Example 1: Preparation of First Compound [AlMe 2 (N(tBu)CH 2 CH 2 NMe 2 )]
1-1. Preparation Method
[0083]Under an argon atmosphere, 132.5 g of a trimethylaluminum hexane solution and 100 g of dehydrated n-hexane were mixed in a 500 ml flask. The mixture was cooled to 5° C., and 42.6 g of N-(tert-butyl)-N′, N′-dimethylethane-1,2-diamine was slowly added dropwise. After the dropwise addition, a temperature was increased to room temperature, and the mixture was stirred for 15 hours. Then, a solvent was removed to obtain a residue. Then, the residue was distilled and purified under a reduced pressure of 500 Pa at a bath temperature of 120° C. to 125° C. As a result, 55 g of a first compound was obtained with a yield of 95%.
1-2. Analysis of the First Compound
(1) Element Analysis (Metal Analysis: ICP-AES)
[0084]Al: 8.5% (theoretical value 8.6%), C: 61.2% (theoretical value 61.3%), H: 12.3% (theoretical value 12.2%), N: 18.0% (theoretical value 17.9%)
(2) 1H-NMR (Solvent: Hexadeuterobenzene) (Chemical Shift: Multiplicity: H Number)

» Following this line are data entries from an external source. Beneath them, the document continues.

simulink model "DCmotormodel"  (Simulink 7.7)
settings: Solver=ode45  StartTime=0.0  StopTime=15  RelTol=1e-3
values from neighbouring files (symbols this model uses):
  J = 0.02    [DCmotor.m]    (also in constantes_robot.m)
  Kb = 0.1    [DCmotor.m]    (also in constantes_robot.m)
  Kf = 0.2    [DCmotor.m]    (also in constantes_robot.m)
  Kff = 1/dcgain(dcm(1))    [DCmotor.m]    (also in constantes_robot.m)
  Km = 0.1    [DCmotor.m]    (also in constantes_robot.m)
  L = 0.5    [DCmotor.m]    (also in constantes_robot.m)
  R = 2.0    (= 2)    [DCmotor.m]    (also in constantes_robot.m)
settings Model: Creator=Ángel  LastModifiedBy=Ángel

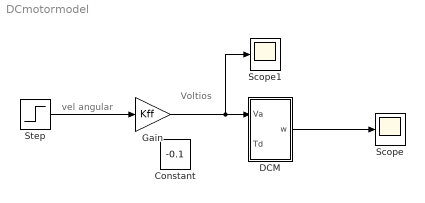
== system DCmotormodel ==
  note: Voltios
  note: vel angular
  Constant : Constant  Value=-0.1
  DCM : Subsystem
  Gain : Gain  Gain=Kff
  Scope : Scope
  Scope1 : Scope
  Step : Step  Time=0  SampleTime=0
  wires:
  Gain/1 -> DCM/1(Va), Scope1/1
  DCM/1(w) -> Scope/1
  Step/1 -> Gain/1

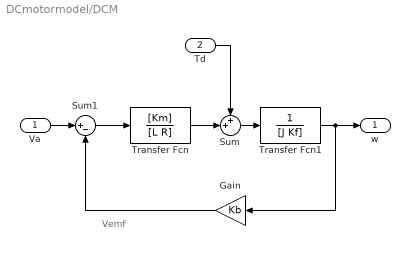
== system DCmotormodel/DCM ==
  note: Vemf
  Va : Inport
  Td : Inport  Port=2
  Gain : Gain  Gain=Kb
  Sum : Sum  Inputs=++|
  Sum1 : Sum  Inputs=|+-
  Transfer Fcn : TransferFcn  Numerator=[Km]  Denominator=[L R]
  Transfer Fcn1 : TransferFcn  Denominator=[J Kf]
  w : Outport
  wires:
  Transfer Fcn/1 -> Sum/2
  Gain/1 -> Sum1/2
  Sum1/1 -> Transfer Fcn/1
  Sum/1 -> Transfer Fcn1/1
  Transfer Fcn1/1 -> Gain/1, w/1
  Td/1 -> Sum/1
  Va/1 -> Sum1/1

[0085](−0.517: s: 6H), (1.300: s: 9H), (1.689: s: 6H), (2.127 to 2.155: t: 2H), (2.748 to 2.776: t: 2H)
(3) Atmospheric Pressure TG-DTA
[0086]Temperature at 50% mass loss: 149° C. (Ar flow rate: 100 mL/min, heating rate: 10° C./min, sample amount: 9.653 mg)
Example 2: Preparation of Second Compound [AlMe 2 (N(tAm)CH 2 CH 2 NMe 2 )]
2-1. Preparation Method
[0087]Under an argon atmosphere, 54.7 g of a trimethylaluminum hexane solution and 42 g of dehydrated n-hexane were mixed in a 300 ml flask. The mixture was cooled to 6° C., and 19.1 g of N-(tert-amyl)-N′,N′-dimethylethane-1,2-diamine was slowly added dropwise. After the dropwise addition, a temperature of the mixture was increased to room temperature and the mixture was stirred for 20 hours. Then, a solvent was removed to obtain a residue. Then, the residue was distilled and purified under a reduced pressure of 280 Pa at a bath temperature of 125° C. to 130° C. As a result, 22 g of a second compound was obtained with an 84% yield.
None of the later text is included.